You will be lucky to see 62 Bht to the GBP at the mo. It's been up and down like a fiddlers elbow for a couple of months. This time, last year, I was getting 71. Like so much in life, everything depends on everything else. I believe that it has something to do with the American dollar rate, as many exchange rates are calculated using USD as a base. More than a little alarming though.

----------


## Sir Burr

It's because of the UK deficit (it's big) and the expected housing slump (it's started) due to the sub-prime lending fiasco that is over-spilling from the US. This means that economic growth forecasts are having to be down-graded.

----------


## Begbie

The pound is in as bad shape as the dollar. This from a brief article on the BBC website, but it says it all.

*Sterling under pressure*  

While the battle continues over the Chinese currency, US tourists visiting London might get some relief in 2008. 
The chief currency strategist at Bank of New York Mellon, Simon Derrick, says the situation is looking ominous for the pound.   
To him the UK trade deficit looks alarming and he calculates that, for the size of the population, it's actually worse than America's. 
Add to that a weakening housing market and further cuts in interest rates and sterling could in for a sharp fall this year.

BBC NEWS | Business | 2008 - the return of the dollar?
........................


Yes the sky is falling.
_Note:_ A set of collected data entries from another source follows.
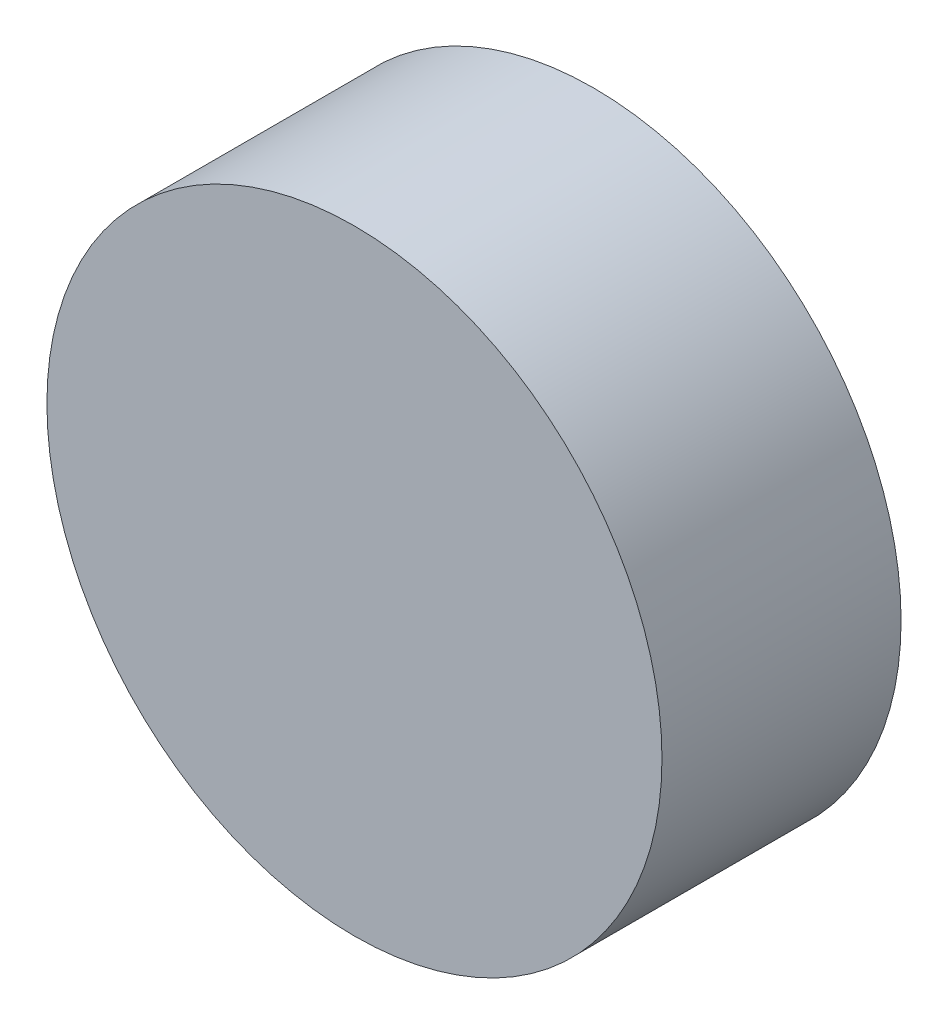
ISO-10303-21;
HEADER;
FILE_DESCRIPTION(('STEP AP214'),'2;1');
FILE_NAME('part.step','',(''),(''),'','','');
FILE_SCHEMA(('AUTOMOTIVE_DESIGN { 1 0 10303 214 1 1 1 1 }'));
ENDSEC;
DATA;
#1=APPLICATION_CONTEXT('core data for automotive mechanical design processes');
#2=APPLICATION_PROTOCOL_DEFINITION('international standard','automotive_design',2000,#1);
#3=PRODUCT_CONTEXT('',#1,'mechanical');
#4=PRODUCT('Part','Part','',(#3));
#5=PRODUCT_RELATED_PRODUCT_CATEGORY('part','',(#4));
#6=PRODUCT_DEFINITION_FORMATION('','',#4);
#7=PRODUCT_DEFINITION_CONTEXT('part definition',#1,'design');
#8=PRODUCT_DEFINITION('design','',#6,#7);
#9=PRODUCT_DEFINITION_SHAPE('','',#8);
#10=(LENGTH_UNIT() NAMED_UNIT(*) SI_UNIT(.MILLI.,.METRE.));
#11=(NAMED_UNIT(*) PLANE_ANGLE_UNIT() SI_UNIT($,.RADIAN.));
#12=(NAMED_UNIT(*) SI_UNIT($,.STERADIAN.) SOLID_ANGLE_UNIT());
#13=UNCERTAINTY_MEASURE_WITH_UNIT(LENGTH_MEASURE(1.E-05),#10,'distance_accuracy_value','');
#14=(GEOMETRIC_REPRESENTATION_CONTEXT(3) GLOBAL_UNCERTAINTY_ASSIGNED_CONTEXT((#13)) GLOBAL_UNIT_ASSIGNED_CONTEXT((#10,
#11,#12)) REPRESENTATION_CONTEXT('',''));
#15=CARTESIAN_POINT('',(0.,0.,0.));
#16=DIRECTION('',(0.,0.,1.));
#17=DIRECTION('',(1.,0.,0.));
#18=AXIS2_PLACEMENT_3D('',#15,#16,#17);
#19=CARTESIAN_POINT('',(51.993316759615,-18.053327970321,10.));
#20=DIRECTION('',(0.,0.,-1.));
#21=DIRECTION('',(-1.,0.,0.));
#22=AXIS2_PLACEMENT_3D('',#19,#20,#21);
#23=CYLINDRICAL_SURFACE('',#22,12.8619674869868);
#24=CARTESIAN_POINT('',(51.993316759615,-18.053327970321,10.));
#25=DIRECTION('',(0.,0.,1.));
#26=DIRECTION('',(1.,0.,0.));
#27=AXIS2_PLACEMENT_3D('',#24,#25,#26);
#28=CIRCLE('',#27,12.8619674869868);
#29=CARTESIAN_POINT('',(64.8552842466018,-18.053327970321,10.));
#30=VERTEX_POINT('',#29);
#31=EDGE_CURVE('E10',#30,#30,#28,.T.);
#32=ORIENTED_EDGE('',*,*,#31,.F.);
#33=EDGE_LOOP('',(#32));
#34=FACE_BOUND('',#33,.T.);
#35=CARTESIAN_POINT('',(51.993316759615,-18.053327970321,0.));
#36=DIRECTION('',(0.,0.,1.));
#37=DIRECTION('',(1.,0.,0.));
#38=AXIS2_PLACEMENT_3D('',#35,#36,#37);
#39=CIRCLE('',#38,12.8619674869868);
#40=CARTESIAN_POINT('',(64.8552842466018,-18.053327970321,0.));
#41=VERTEX_POINT('',#40);
#42=EDGE_CURVE('E34',#41,#41,#39,.T.);
#43=ORIENTED_EDGE('',*,*,#42,.T.);
#44=EDGE_LOOP('',(#43));
#45=FACE_BOUND('',#44,.T.);
#46=ADVANCED_FACE('F31',(#34,#45),#23,.T.);
#47=CARTESIAN_POINT('',(51.993316759615,-18.053327970321,10.));
#48=DIRECTION('',(0.,0.,1.));
#49=DIRECTION('',(1.,0.,0.));
#50=AXIS2_PLACEMENT_3D('',#47,#48,#49);
#51=PLANE('',#50);
#52=ORIENTED_EDGE('',*,*,#31,.T.);
#53=EDGE_LOOP('',(#52));
#54=FACE_BOUND('',#53,.T.);
#55=ADVANCED_FACE('F46',(#54),#51,.T.);
#56=CARTESIAN_POINT('',(51.993316759615,-18.053327970321,0.));
#57=DIRECTION('',(0.,0.,1.));
#58=DIRECTION('',(1.,0.,0.));
#59=AXIS2_PLACEMENT_3D('',#56,#57,#58);
#60=PLANE('',#59);
#61=ORIENTED_EDGE('',*,*,#42,.F.);
#62=EDGE_LOOP('',(#61));
#63=FACE_BOUND('',#62,.T.);
#64=ADVANCED_FACE('F44',(#63),#60,.F.);
#65=CLOSED_SHELL('',(#46,#55,#64));
#66=MANIFOLD_SOLID_BREP('B2',#65);
#67=ADVANCED_BREP_SHAPE_REPRESENTATION('',(#18,#66),#14);
#68=SHAPE_DEFINITION_REPRESENTATION(#9,#67);
ENDSEC;
END-ISO-10303-21;

Hopefully for those of us paid in dollars there's only one way to go and that's up.

----------


## Thormaturge

The reason for the decline of Sterling is more likely to be Alistair Darling's pre-Budget statement in November.

His change to the tax status of non-domiciled taxpayers will penalise most foreigners in the UK apart from the super-wealthy.  There is an enormous incentive (and a consequent rush) to get money out of the UK.  It is breathtaking and there is no doubt that a significant number of very wealthy people now consider that living in the UK is no longer beneficial to them.

I'd consider buying Dollars right now.

----------


## Spin

64.42 for tt into Thailand today.

The lowering is due to the expectation that interest rates will have to be reduced to prevent recession ala good ol US of A.

----------


## bkkandrew

> The reason for the decline of Sterling is more likely to be Alistair Darling's pre-Budget statement in November.
> 
> His change to the tax status of non-domiciled taxpayers will penalise most foreigners in the UK apart from the super-wealthy. There is an enormous incentive (and a consequent rush) to get money out of the UK. It is breathtaking and there is no doubt that a significant number of very wealthy people now consider that living in the UK is no longer beneficial to them.
> 
> I'd consider buying Dollars right now.


I wouldn't do that. Last figures for US trade deficit (November) was an 14-month high. This is despite the slump in value of the USD during the past two years.

Cite:

US trade deficit surged in November

Also, trouble brewing on the balance of payments deficit, with Moodys of the opinion that US Givt. debt is not as rock-solid an investment as one might assume.

Cite:

FT.com / Home UK / UK - US's triple-A credit rating 'under threat'

All in all, the one currency (other than Sterling) to avoid would be the greenback!

----------


## Bluecat

Well, you should have joined the Euro zone... :Roll Eyes (Sarcastic):

----------


## Thormaturge

> 64.42 for tt into Thailand today.
> 
> The lowering is due to the expectation that interest rates will have to be reduced to prevent recession ala good ol US of A.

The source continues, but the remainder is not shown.